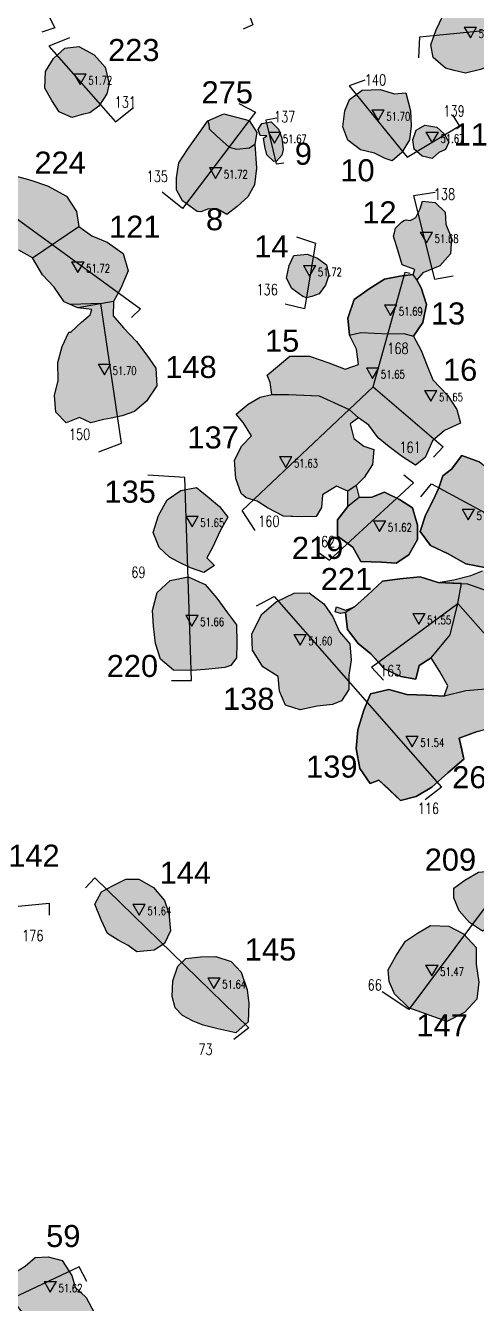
# Model space of a CAD drawing. Header units: millimetres. Extents: x 4462692 to 4462814, y 5793999 to 5794154.
# Drawn here: x 4462755.38 to 4462763.55, y 5794117.32 to 5794140.49 of the extents above; entities that cross this region are included whole.
import ezdxf

# ---------------------------------------------------------------- set-up
doc = ezdxf.new("R2010")
doc.units = ezdxf.units.MM
for name, color, linetype in [('00ProfilNr', 5, 'Continuous'), ('Befunde', 36, 'Continuous'), ('Befundnummern', 36, 'Continuous'), ('Gruben', 252, 'Continuous'), ('HÖHEN', 7, 'Continuous'), ('Profile', 160, 'Continuous')]:
    doc.layers.add(name, color=color, linetype=linetype)
doc.styles.add('ROMANS', font='ROMANS.shx', dxfattribs={"width": 0.75})
doc.styles.get("Standard").update_dxf_attribs({"font": 'arial.ttf'})

# ---------------------------------------------------------------- blocks, each defined once
blk = doc.blocks.new('HP_FERTIG_OBERKANTE')
for p, q in [((-0.075, 0.13), (0.075, 0.13)), ((-0.075, 0.13), (0, 0)), ((0, 0), (0.075, 0.13))]:
    blk.add_line(p, q)
at = {"style": 'ROMANS', "width": 0.75}
blk.add_attdef('HÖHE', (0.1, 0), '', height=0.1, dxfattribs=at)

msp = doc.modelspace()

# ---------------------------------------------------------------- hatches: boundary and pattern name
at = {"layer": 'Gruben'}
h = msp.add_hatch(color=256, dxfattribs=at)
h.dxf.hatch_style = 1
h.paths.add_polyline_path([(4462745.172, 5794139.292), (4462744.984, 5794139.483), (4462744.79, 5794139.701), (4462744.885, 5794140.004), (4462745.076, 5794140.193), (4462745.357, 5794140.408), (4462745.779, 5794140.423), (4462746.15, 5794140.219), (4462746.363, 5794139.98), (4462746.323, 5794139.712), (4462746.088, 5794139.598), (4462746.184, 5794139.338), (4462746.138, 5794139.143), (4462745.812, 5794139.091), (4462745.538, 5794139.128), (4462745.311, 5794139.258)])
h.paths.add_polyline_path([(4462748.606, 5794137.825), (4462748.445, 5794137.779), (4462748.326, 5794137.788), (4462748.197, 5794137.924), (4462748.149, 5794138.052), (4462748.24, 5794138.212), (4462748.388, 5794138.306), (4462748.558, 5794138.282), (4462748.686, 5794138.143), (4462748.69, 5794138.003), (4462748.637, 5794137.886)])
h.paths.add_polyline_path([(4462752.204, 5794140.928), (4462751.995, 5794140.878), (4462751.836, 5794140.979), (4462751.808, 5794141.199), (4462751.826, 5794141.404), (4462751.835, 5794141.685), (4462752.039, 5794141.793), (4462752.265, 5794141.881), (4462752.538, 5794141.689), (4462752.651, 5794141.445), (4462752.62, 5794141.173), (4462752.434, 5794141.017), (4462752.292, 5794140.946)])
h.paths.add_polyline_path([(4462754.232, 5794138.767), (4462753.927, 5794138.798), (4462753.668, 5794138.767), (4462753.375, 5794138.82), (4462753.248, 5794138.983), (4462753.262, 5794139.254), (4462753.291, 5794139.508), (4462753.299, 5794139.783), (4462753.37, 5794140.007), (4462753.608, 5794140.189), (4462753.857, 5794140.218), (4462754.203, 5794140.21), (4462754.437, 5794140.03), (4462754.704, 5794139.827), (4462754.755, 5794139.472), (4462754.629, 5794139.1), (4462754.519, 5794138.968), (4462754.341, 5794138.808)])
h.paths.add_polyline_path([(4462756.426, 5794138.887), (4462756.218, 5794138.823), (4462755.988, 5794138.926), (4462755.855, 5794139.132), (4462755.729, 5794139.357), (4462755.743, 5794139.661), (4462755.883, 5794139.895), (4462756.09, 5794140.083), (4462756.345, 5794140.111), (4462756.625, 5794139.963), (4462756.823, 5794139.737), (4462756.892, 5794139.435), (4462756.851, 5794139.255), (4462756.708, 5794139.027), (4462756.543, 5794138.908)])
h.paths.add_polyline_path([(4462752.261, 5794136.86), (4462752.084, 5794136.718), (4462751.897, 5794136.508), (4462751.75, 5794136.336), (4462751.57, 5794136.281), (4462751.521, 5794135.905), (4462751.433, 5794135.681), (4462751.215, 5794135.432), (4462750.969, 5794135.385), (4462750.809, 5794135.572), (4462750.612, 5794135.714), (4462750.458, 5794135.911), (4462750.492, 5794136.156), (4462750.693, 5794136.377), (4462750.883, 5794136.536), (4462750.988, 5794136.844), (4462751.092, 5794137.121), (4462751.312, 5794137.362), (4462751.486, 5794137.66), (4462751.555, 5794137.808), (4462751.527, 5794137.901), (4462751.637, 5794138.001), (4462751.871, 5794138.004), (4462752.115, 5794138.006), (4462752.365, 5794137.91), (4462752.525, 5794137.922), (4462752.668, 5794137.957), (4462752.759, 5794137.937), (4462752.736, 5794137.861), (4462752.666, 5794137.822), (4462752.618, 5794137.791), (4462752.569, 5794137.704), (4462752.571, 5794137.461), (4462752.48, 5794137.296), (4462752.376, 5794137.127), (4462752.332, 5794136.9)])
h = msp.add_hatch(color=256, dxfattribs=at)
h.dxf.hatch_style = 1
h.paths.add_polyline_path([(4462765.039, 5794139.845), (4462764.827, 5794140.001), (4462764.607, 5794140.176), (4462764.457, 5794140.441), (4462764.416, 5794140.799), (4462764.497, 5794141.04), (4462764.78, 5794141.251), (4462765.05, 5794141.349), (4462765.412, 5794141.287), (4462765.653, 5794141.087), (4462765.746, 5794140.794), (4462765.701, 5794140.473), (4462765.683, 5794140.205), (4462765.601, 5794139.96), (4462765.502, 5794139.785), (4462765.339, 5794139.783), (4462765.157, 5794139.812)])
h.paths.add_polyline_path([(4462762.992, 5794139.72), (4462762.768, 5794139.914), (4462762.726, 5794140.143), (4462762.821, 5794140.412), (4462762.944, 5794140.667), (4462763.112, 5794140.872), (4462763.372, 5794140.967), (4462763.653, 5794141.049), (4462763.925, 5794140.936), (4462764.066, 5794140.731), (4462764.243, 5794140.548), (4462764.26, 5794140.291), (4462764.133, 5794139.979), (4462763.864, 5794139.783), (4462763.627, 5794139.692), (4462763.354, 5794139.629), (4462763.146, 5794139.678)])
h.paths.add_polyline_path([(4462761.9, 5794138.079), (4462761.704, 5794138.175), (4462761.453, 5794138.237), (4462761.221, 5794138.412), (4462761.132, 5794138.655), (4462761.166, 5794138.946), (4462761.249, 5794139.153), (4462761.483, 5794139.322), (4462761.809, 5794139.331), (4462762.067, 5794139.253), (4462762.275, 5794139.27), (4462762.359, 5794138.943), (4462762.37, 5794138.672), (4462762.339, 5794138.42), (4462762.197, 5794138.192), (4462762.026, 5794138.04)])
h = msp.add_hatch(color=256, dxfattribs=at)
h.dxf.hatch_style = 1
h.paths.add_polyline_path([(4462762.748, 5794138.078), (4462762.57, 5794138.125), (4462762.421, 5794138.25), (4462762.398, 5794138.417), (4462762.462, 5794138.593), (4462762.614, 5794138.685), (4462762.834, 5794138.647), (4462762.97, 5794138.529), (4462763.053, 5794138.378), (4462762.993, 5794138.242), (4462762.871, 5794138.187)])
h.paths.add_polyline_path([(4462760.404, 5794135.58), (4462760.205, 5794135.724), (4462760.11, 5794135.912), (4462760.155, 5794136.14), (4462760.243, 5794136.323), (4462760.483, 5794136.345), (4462760.674, 5794136.273), (4462760.836, 5794136.151), (4462760.877, 5794135.965), (4462760.816, 5794135.785), (4462760.703, 5794135.625), (4462760.566, 5794135.578), (4462760.473, 5794135.554)])
h.paths.add_polyline_path([(4462758.492, 5794137.121), (4462758.223, 5794137.311), (4462758.116, 5794137.511), (4462758.112, 5794137.732), (4462758.16, 5794138.004), (4462758.314, 5794138.244), (4462758.682, 5794138.765), (4462758.975, 5794138.891), (4462759.432, 5794138.768), (4462759.573, 5794138.55), (4462759.533, 5794138.34), (4462759.566, 5794137.903), (4462759.529, 5794137.606), (4462759.406, 5794137.384), (4462759.215, 5794137.212), (4462759.029, 5794137.067), (4462758.884, 5794137.149), (4462758.696, 5794137.167), (4462758.557, 5794137.112)])
h.paths.add_polyline_path([(4462759.88, 5794138.027), (4462759.755, 5794138.15), (4462759.717, 5794138.3), (4462759.69, 5794138.447), (4462759.753, 5794138.493), (4462759.631, 5794138.497), (4462759.597, 5794138.609), (4462759.663, 5794138.716), (4462759.832, 5794138.746), (4462759.965, 5794138.614), (4462760.025, 5794138.448), (4462760.048, 5794138.242), (4462760.024, 5794138.139), (4462759.929, 5794138.031)])
h = msp.add_hatch(color=256, dxfattribs=at)
h.dxf.hatch_style = 1
h.paths.add_polyline_path([(4462756.796, 5794133.351), (4462756.562, 5794133.29), (4462756.358, 5794133.387), (4462756.116, 5794133.289), (4462755.927, 5794133.483), (4462755.902, 5794133.786), (4462755.972, 5794134.055), (4462755.961, 5794134.383), (4462756.042, 5794134.675), (4462756.166, 5794134.934), (4462756.2, 5794134.934), (4462756.393, 5794135.116), (4462756.548, 5794135.246), (4462756.582, 5794135.346), (4462756.324, 5794135.374), (4462756.079, 5794135.485), (4462755.897, 5794135.749), (4462755.684, 5794135.97), (4462755.505, 5794136.278), (4462755.257, 5794136.416), (4462754.905, 5794136.328), (4462754.65, 5794136.278), (4462754.446, 5794136.042), (4462754.256, 5794135.936), (4462754.043, 5794135.811), (4462753.726, 5794135.873), (4462753.471, 5794136.098), (4462753.491, 5794136.632), (4462753.679, 5794136.923), (4462753.867, 5794137.269), (4462754.03, 5794137.438), (4462754.386, 5794137.406), (4462754.663, 5794137.44), (4462754.905, 5794137.688), (4462755.188, 5794137.769), (4462755.476, 5794137.689), (4462755.775, 5794137.587), (4462756.122, 5794137.398), (4462756.304, 5794137.12), (4462756.346, 5794136.846), (4462756.583, 5794136.68), (4462756.861, 5794136.566), (4462757.151, 5794136.361), (4462757.241, 5794136.046), (4462757.107, 5794135.731), (4462756.97, 5794135.491), (4462756.966, 5794135.23), (4462757.154, 5794135.013), (4462757.388, 5794134.761), (4462757.58, 5794134.515), (4462757.743, 5794134.281), (4462757.759, 5794133.958), (4462757.574, 5794133.682), (4462757.355, 5794133.496), (4462757.132, 5794133.415), (4462756.93, 5794133.374)])
h = msp.add_hatch(color=256, dxfattribs=at)
h.dxf.hatch_style = 1
h.paths.add_polyline_path([(4462759.29, 5794132.007), (4462759.188, 5794132.28), (4462759.169, 5794132.609), (4462759.3, 5794132.874), (4462759.475, 5794133.053), (4462759.326, 5794133.296), (4462759.195, 5794133.448), (4462759.415, 5794133.628), (4462759.63, 5794133.756), (4462759.843, 5794133.799), (4462759.816, 5794134.02), (4462759.761, 5794134.15), (4462759.98, 5794134.338), (4462760.167, 5794134.496), (4462760.527, 5794134.498), (4462760.876, 5794134.378), (4462761.174, 5794134.263), (4462761.416, 5794134.346), (4462761.376, 5794134.621), (4462761.252, 5794134.88), (4462761.223, 5794135.187), (4462761.336, 5794135.525), (4462761.606, 5794135.719), (4462761.886, 5794135.894), (4462762.161, 5794135.949), (4462762.404, 5794135.978), (4462762.433, 5794136.069), (4462762.209, 5794136.153), (4462762.127, 5794136.42), (4462762.051, 5794136.671), (4462762.068, 5794136.734), (4462762.086, 5794136.817), (4462762.12, 5794136.851), (4462762.151, 5794136.887), (4462762.192, 5794136.926), (4462762.236, 5794136.955), (4462762.28, 5794136.97), (4462762.349, 5794136.958), (4462762.385, 5794136.973), (4462762.456, 5794137.014), (4462762.534, 5794137.171), (4462762.573, 5794137.309), (4462762.807, 5794137.285), (4462762.985, 5794137.105), (4462762.995, 5794136.888), (4462763.098, 5794136.634), (4462763.085, 5794136.353), (4462762.886, 5794136.133), (4462762.582, 5794136.006), (4462762.472, 5794135.881), (4462762.551, 5794135.736), (4462762.648, 5794135.431), (4462762.579, 5794135.106), (4462762.411, 5794134.857), (4462762.548, 5794134.599), (4462762.661, 5794134.321), (4462762.761, 5794134.07), (4462763.028, 5794133.79), (4462763.195, 5794133.527), (4462763.264, 5794133.284), (4462762.973, 5794133.15), (4462762.755, 5794132.962), (4462762.625, 5794132.659), (4462762.45, 5794132.518), (4462762.21, 5794132.67), (4462761.97, 5794132.851), (4462761.771, 5794133.015), (4462761.602, 5794133.247), (4462761.417, 5794133.376), (4462761.265, 5794133.267), (4462761.332, 5794133.006), (4462761.514, 5794132.866), (4462761.691, 5794132.806), (4462761.668, 5794132.53), (4462761.52, 5794132.299), (4462761.373, 5794132.15), (4462761.425, 5794131.936), (4462761.656, 5794131.942), (4462761.888, 5794132.029), (4462762.16, 5794131.899), (4462762.394, 5794131.744), (4462762.484, 5794131.434), (4462762.482, 5794131.172), (4462762.326, 5794130.892), (4462762.099, 5794130.743), (4462761.829, 5794130.762), (4462761.456, 5794130.776), (4462761.309, 5794131.036), (4462761.032, 5794131.234), (4462761.031, 5794131.532), (4462761.223, 5794131.773), (4462761.224, 5794132.047), (4462761.014, 5794132.139), (4462760.76, 5794131.984), (4462760.742, 5794131.755), (4462760.646, 5794131.592), (4462760.386, 5794131.582), (4462760.052, 5794131.595), (4462759.767, 5794131.747), (4462759.575, 5794131.87), (4462759.376, 5794131.929)])
h = msp.add_hatch(color=256, dxfattribs=at)
h.dxf.hatch_style = 1
h.paths.add_polyline_path([(4462762.965, 5794128.332), (4462762.641, 5794128.353), (4462762.288, 5794128.363), (4462761.962, 5794128.454), (4462761.633, 5794128.374), (4462761.512, 5794128.077), (4462761.4, 5794127.719), (4462761.374, 5794127.386), (4462761.437, 5794127.02), (4462761.626, 5794126.751), (4462761.783, 5794126.808), (4462762.177, 5794126.44), (4462762.459, 5794126.514), (4462762.743, 5794126.681), (4462763.034, 5794126.943), (4462763.322, 5794127.189), (4462763.241, 5794127.569), (4462763.565, 5794127.69), (4462763.911, 5794127.782), (4462764.027, 5794128.012), (4462763.722, 5794128.457), (4462763.363, 5794128.43)])
h.paths.add_polyline_path([(4462760.946, 5794128.182), (4462760.666, 5794128.152), (4462760.359, 5794128.082), (4462760.094, 5794128.169), (4462759.98, 5794128.42), (4462759.956, 5794128.69), (4462759.679, 5794128.864), (4462759.493, 5794129.165), (4462759.482, 5794129.464), (4462759.663, 5794129.817), (4462759.924, 5794130.042), (4462760.25, 5794130.199), (4462760.523, 5794130.208), (4462760.787, 5794130.006), (4462760.947, 5794129.768), (4462761.07, 5794129.5), (4462761.259, 5794129.283), (4462761.284, 5794128.985), (4462761.241, 5794128.715), (4462761.24, 5794128.452), (4462761.106, 5794128.248)])
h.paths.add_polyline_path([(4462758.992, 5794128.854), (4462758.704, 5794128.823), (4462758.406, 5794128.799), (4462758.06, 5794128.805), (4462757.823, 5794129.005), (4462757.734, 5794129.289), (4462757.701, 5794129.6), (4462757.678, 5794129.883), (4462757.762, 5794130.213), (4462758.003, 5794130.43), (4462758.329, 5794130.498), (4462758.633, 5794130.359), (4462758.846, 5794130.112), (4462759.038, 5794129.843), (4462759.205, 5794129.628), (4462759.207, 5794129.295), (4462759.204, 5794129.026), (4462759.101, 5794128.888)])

- _TASK TO COMPLETE_:
Leave out the pictures and repeat exactly the lines from the start of the material through the line that contains "doc.units = ezdxf.units.MM", both included.

- _OUTPUT_:
# Model space of a CAD drawing. Header units: millimetres. Extents: x 4462692 to 4462814, y 5793999 to 5794154.
# Drawn here: x 4462755.38 to 4462763.55, y 5794117.32 to 5794140.49 of the extents above; entities that cross this region are included whole.
import ezdxf

# ---------------------------------------------------------------- set-up
doc = ezdxf.new("R2010")
doc.units = ezdxf.units.MM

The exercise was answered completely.